**Work item:** Search the entries for the word "picture". Copy every line where it turns up.

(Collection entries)
■ ■ ■ ■

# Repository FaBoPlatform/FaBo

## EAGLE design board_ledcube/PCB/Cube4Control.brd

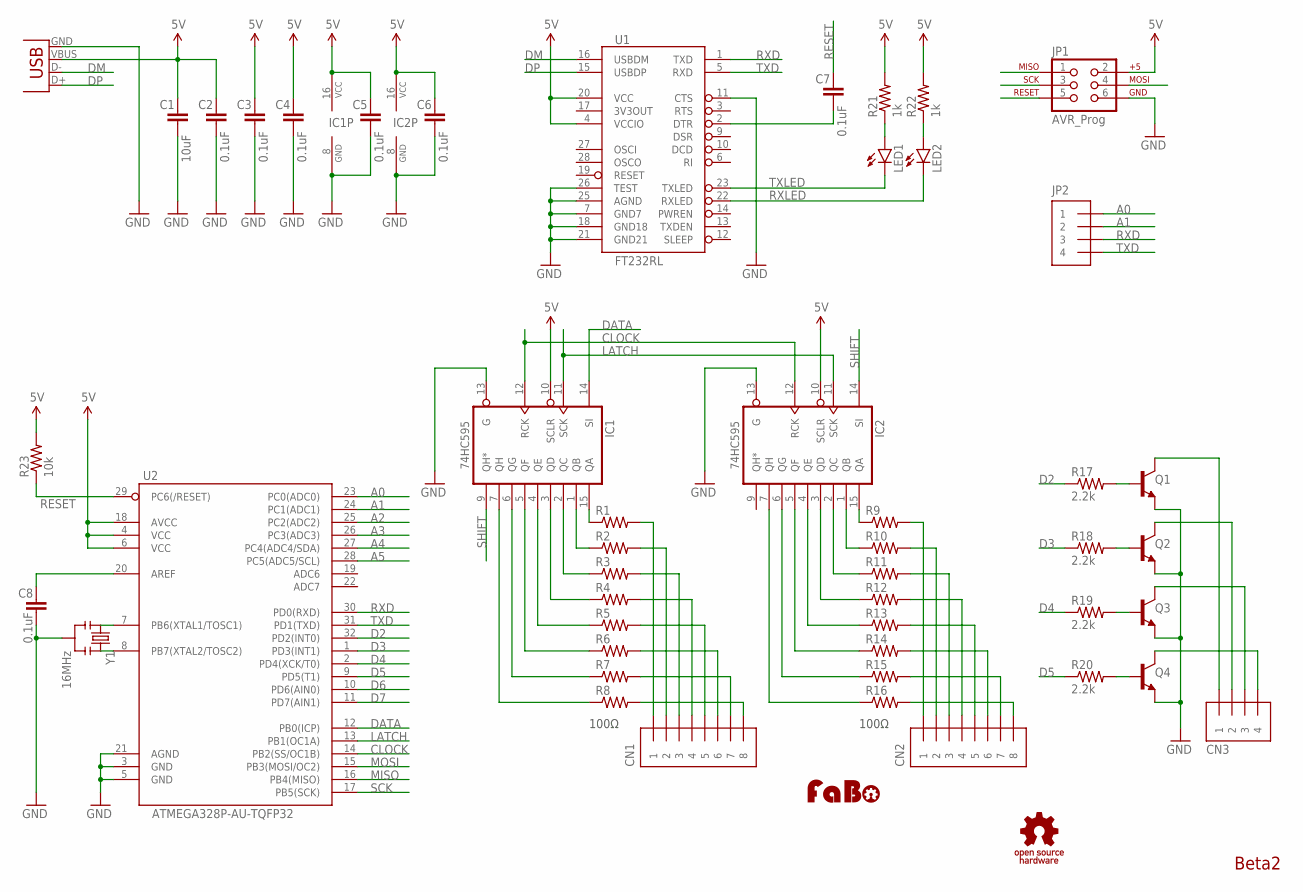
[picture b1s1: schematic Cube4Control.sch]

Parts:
C1: 10uF; EIA1206
C2, C3, C4, C5, C6, C7, C8: 0.1uF; EIA0603
CN1, CN2: PINHEAD-1X8; 1X8-SNEAKY
CN3: PINHEAD-1X4; 1X4-SNEAKY
IC1, IC2: 74HC595; SO16-3.9
JP1: AVR_Prog; TC2030-MCP
JP2: PINHEAD-1X4; 1X4-SNEAKY
LED1, LED2: LED-EIA0603; EIA0603-LED
Q1, Q2, Q3, Q4: NPN-2SC3325; SOT23-3
R1, R2, R3, R4, R5, R6, R7, R8, R9, R10, R11, R12, R13, R14, R15, R16: RES-EIA0603; EIA0603@1
R17, R18, R19, R20: 2.2k; EIA0603@1
R21, R22: 1k; EIA0603@1
R23: 10k; EIA0603@1
U1: FT232RL; SSOP28
U2: ATMEGA328P-AU-TQFP32; TQFP-32-08
U$2: LOGO_FABO-M; LOGO_FABO_M
U$4: LOGO_OSHW_T-M; LOGO_OSHW_T_M
USB1: USB-B-MICRO_SMD; USB_B_MICRO
Y1: 16MHz; RESONATOR_SMD

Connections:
5V: C1.1, C2.1, C3.1, C4.1, C5.1, C6.1, IC1.10 (SCLR), IC1.16 (VCC), IC2.10 (SCLR), IC2.16 (VCC), JP1.2, R21.2, R22.2, R23.2, U1.4 (VCCIO), U1.20 (VCC), U2.4 (VCC), U2.6 (VCC), U2.18 (AVCC), USB1.VBUS
A0: JP2.1, U2.23 (PC0(ADC0))
A1: JP2.2, U2.24 (PC1(ADC1))
A2: U2.25 (PC2(ADC2))
A3: U2.26 (PC3(ADC3))
A4: U2.27 (PC4(ADC4/SDA))
A5: U2.28 (PC5(ADC5/SCL))
AREF: C8.1, U2.20 (AREF)
CLOCK: IC1.12 (RCK), IC2.12 (RCK), U2.14 (PB2(SS/OC1B))
D2: R17.1, U2.32 (PD2(INT0))
D3: R18.1, U2.1 (PD3(INT1))
D4: R19.1, U2.2 (PD4(XCK/T0))
D5: R20.1, U2.9 (PD5(T1))
D6: U2.10 (PD6(AIN0))
D7: U2.11 (PD7(AIN1))
DATA: IC1.14 (SI), U2.12 (PB0(ICP))
DM: U1.16 (USBDM), USB1.D-
DP: U1.15 (USBDP), USB1.D+
DTR: C7.2, U1.2 (DTR)
GND: C1.2, C2.2, C3.2, C4.2, C5.2, C6.2, C8.2, IC1.8 (GND), IC1.13 (G), IC2.8 (GND), IC2.13 (G), JP1.6, Q1.2 (E), Q2.2 (E), Q3.2 (E), Q4.2 (E), U1.7 (GND7), U1.11 (CTS), U1.18 (GND18), U1.21 (GND21), U1.25 (AGND), U1.26 (TEST), U2.3 (GND), U2.5 (GND), U2.21 (AGND), USB1.GND, Y1.2
LATCH: IC1.11 (SCK), IC2.11 (SCK), U2.13 (PB1(OC1A))
MISO: JP1.1, U2.16 (PB4(MISO))
MOSI: JP1.4, U2.15 (PB3(MOSI/OC2))
unnamed: LED1.A, R21.1
unnamed: CN3.1, Q1.3 (C)
unnamed: CN3.2, Q2.3 (C)
unnamed: CN3.3, Q3.3 (C)
unnamed: U2.7 (PB6(XTAL1/TOSC1)), Y1.1
unnamed: U2.8 (PB7(XTAL2/TOSC2)), Y1.3
unnamed: CN3.4, Q4.3 (C)
unnamed: Q1.1 (B), R17.2
unnamed: Q2.1 (B), R18.2
unnamed: Q3.1 (B), R19.2
unnamed: Q4.1 (B), R20.2
unnamed: CN2.1, R9.2
unnamed: CN2.2, R10.2
unnamed: CN2.3, R11.2
unnamed: CN2.4, R12.2
unnamed: CN2.5, R13.2
unnamed: CN2.6, R14.2
unnamed: CN2.7, R15.2
unnamed: CN2.8, R16.2
unnamed: IC2.15 (QA), R9.1
unnamed: IC2.1 (QB), R10.1
unnamed: IC2.2 (QC), R11.1
unnamed: IC2.3 (QD), R12.1
unnamed: IC2.4 (QE), R13.1
unnamed: IC2.5 (QF), R14.1
unnamed: IC2.6 (QG), R15.1
unnamed: IC1.15 (QA), R1.1
unnamed: IC1.1 (QB), R2.1
unnamed: LED2.A, R22.1
unnamed: IC1.2 (QC), R3.1
unnamed: IC1.3 (QD), R4.1
unnamed: IC2.7 (QH), R16.1
unnamed: IC1.4 (QE), R5.1
unnamed: IC1.5 (QF), R6.1
unnamed: IC1.6 (QG), R7.1
unnamed: IC1.7 (QH), R8.1
unnamed: CN1.1, R1.2
unnamed: CN1.2, R2.2
unnamed: CN1.3, R3.2
unnamed: CN1.4, R4.2
unnamed: CN1.5, R5.2
unnamed: CN1.6, R6.2
unnamed: CN1.7, R7.2
unnamed: CN1.8, R8.2
RESET: C7.1, JP1.5, R23.1, U2.29 (PC6(/RESET))
RXD: JP2.3, U1.1 (TXD), U2.30 (PD0(RXD))
RXLED: LED2.C, U1.22 (RXLED)
SCK: JP1.3, U2.17 (PB5(SCK))
SHIFT: IC1.9 (QH*), IC2.14 (SI)
TXD: JP2.4, U1.5 (RXD), U2.31 (PD1(TXD))
TXLED: LED1.C, U1.23 (TXLED)

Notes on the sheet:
Beta2
100Ω

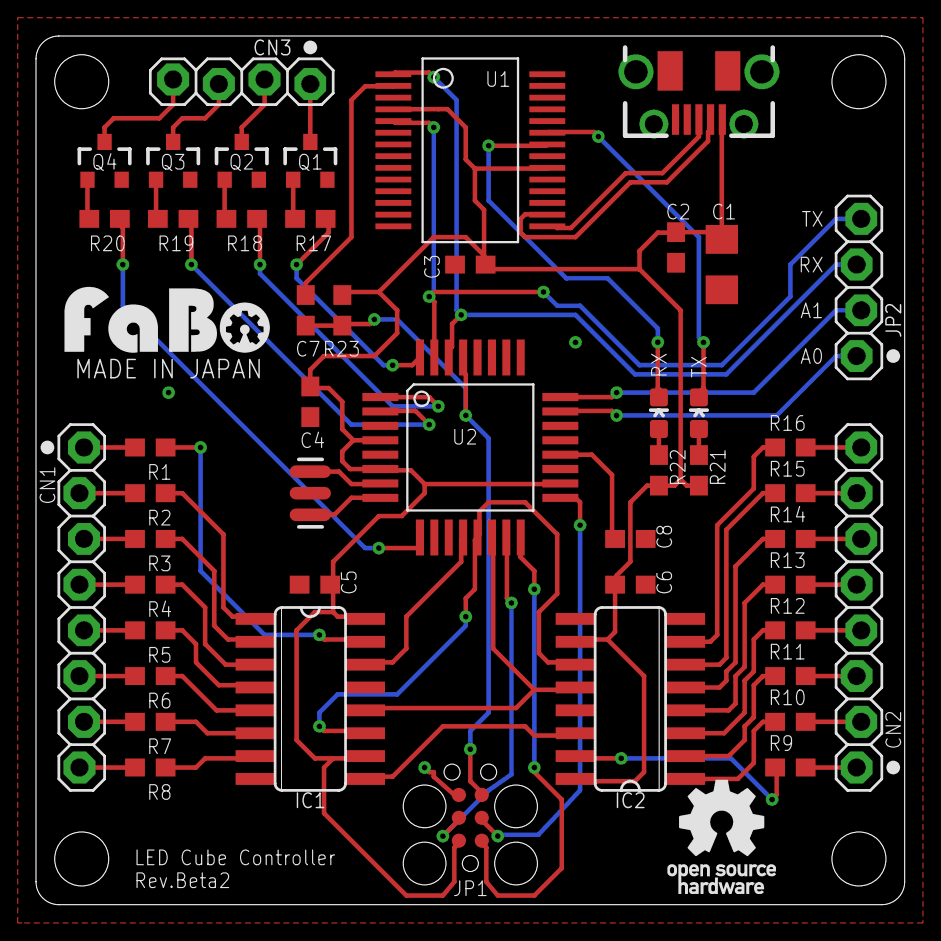
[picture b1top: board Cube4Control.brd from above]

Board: 2 copper layers, 48.3 x 48.3 mm, 50 parts (0 on the bottom side), 68 nets.

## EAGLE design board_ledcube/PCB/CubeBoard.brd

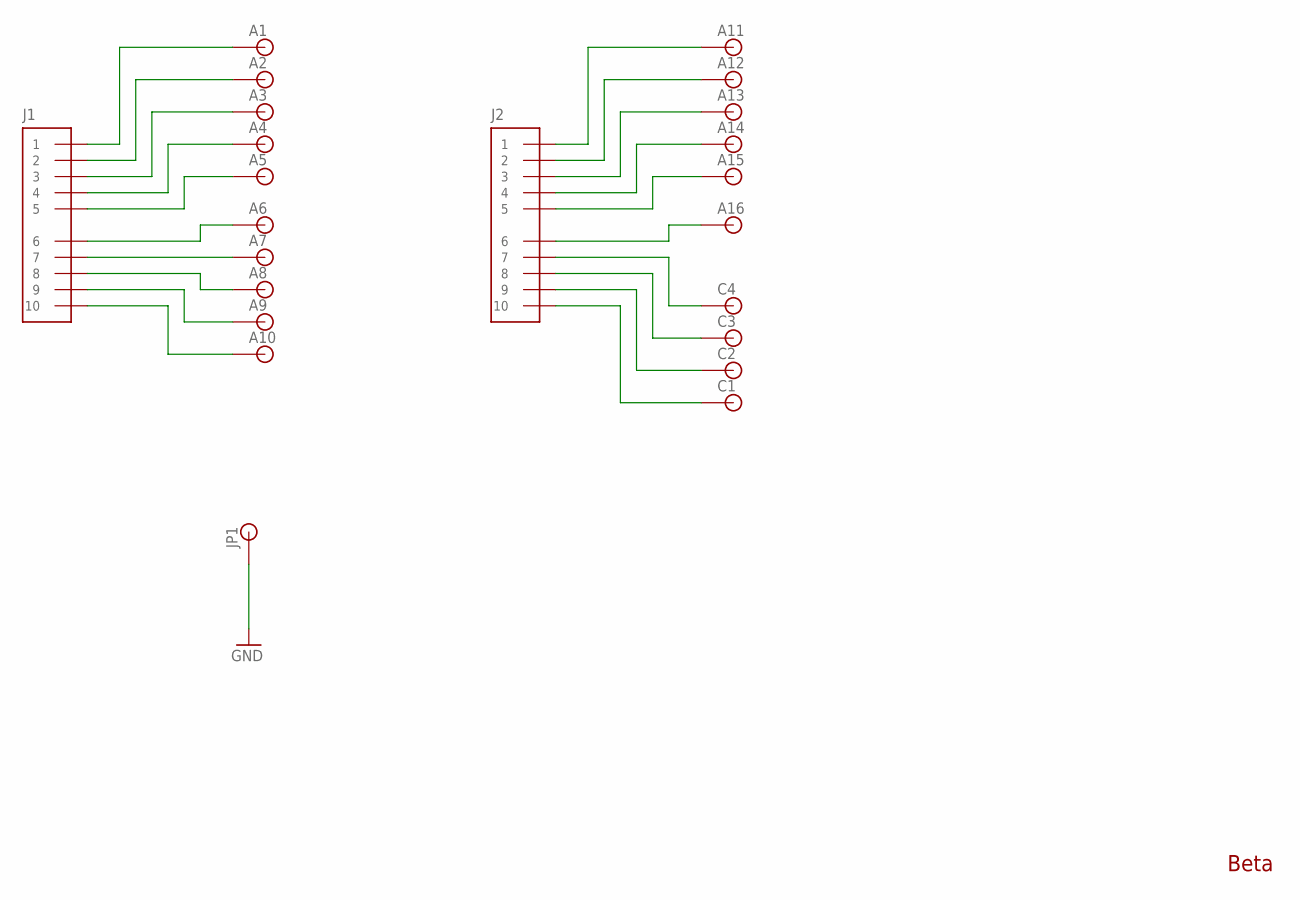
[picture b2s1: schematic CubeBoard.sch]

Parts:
A1: anode1; PIN-1X1
A2: anode2; PIN-1X1
A3: anode3; PIN-1X1
A4: anode4; PIN-1X1
A5: anode5; PIN-1X1
A6: anode6; PIN-1X1
A7: anode7; PIN-1X1
A8: anode8; PIN-1X1
A9: anode9; PIN-1X1
A10: anode10; PIN-1X1
A11: anode11; PIN-1X1
A12: anode12; PIN-1X1
A13: anode13; PIN-1X1
A14: anode14; PIN-1X1
A15: anode15; PIN-1X1
A16: anode16; PIN-1X1
C1: cathode1; PIN-1X1
C2: cathode2; PIN-1X1
C3: cathode3; PIN-1X1
C4: cathode4; PIN-1X1
J1, J2: PINHEAD-1X10; 1X10-SNEAKY
JP1: PIN-1X1

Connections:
GND: JP1.1
unnamed: A1.1, J1.1
unnamed: A2.1, J1.2
unnamed: A3.1, J1.3
unnamed: A4.1, J1.4
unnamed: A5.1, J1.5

■ ■ ■ ■

**Solution:**
[picture b1s1: schematic Cube4Control.sch]
[picture b1top: board Cube4Control.brd from above]
[picture b2s1: schematic CubeBoard.sch]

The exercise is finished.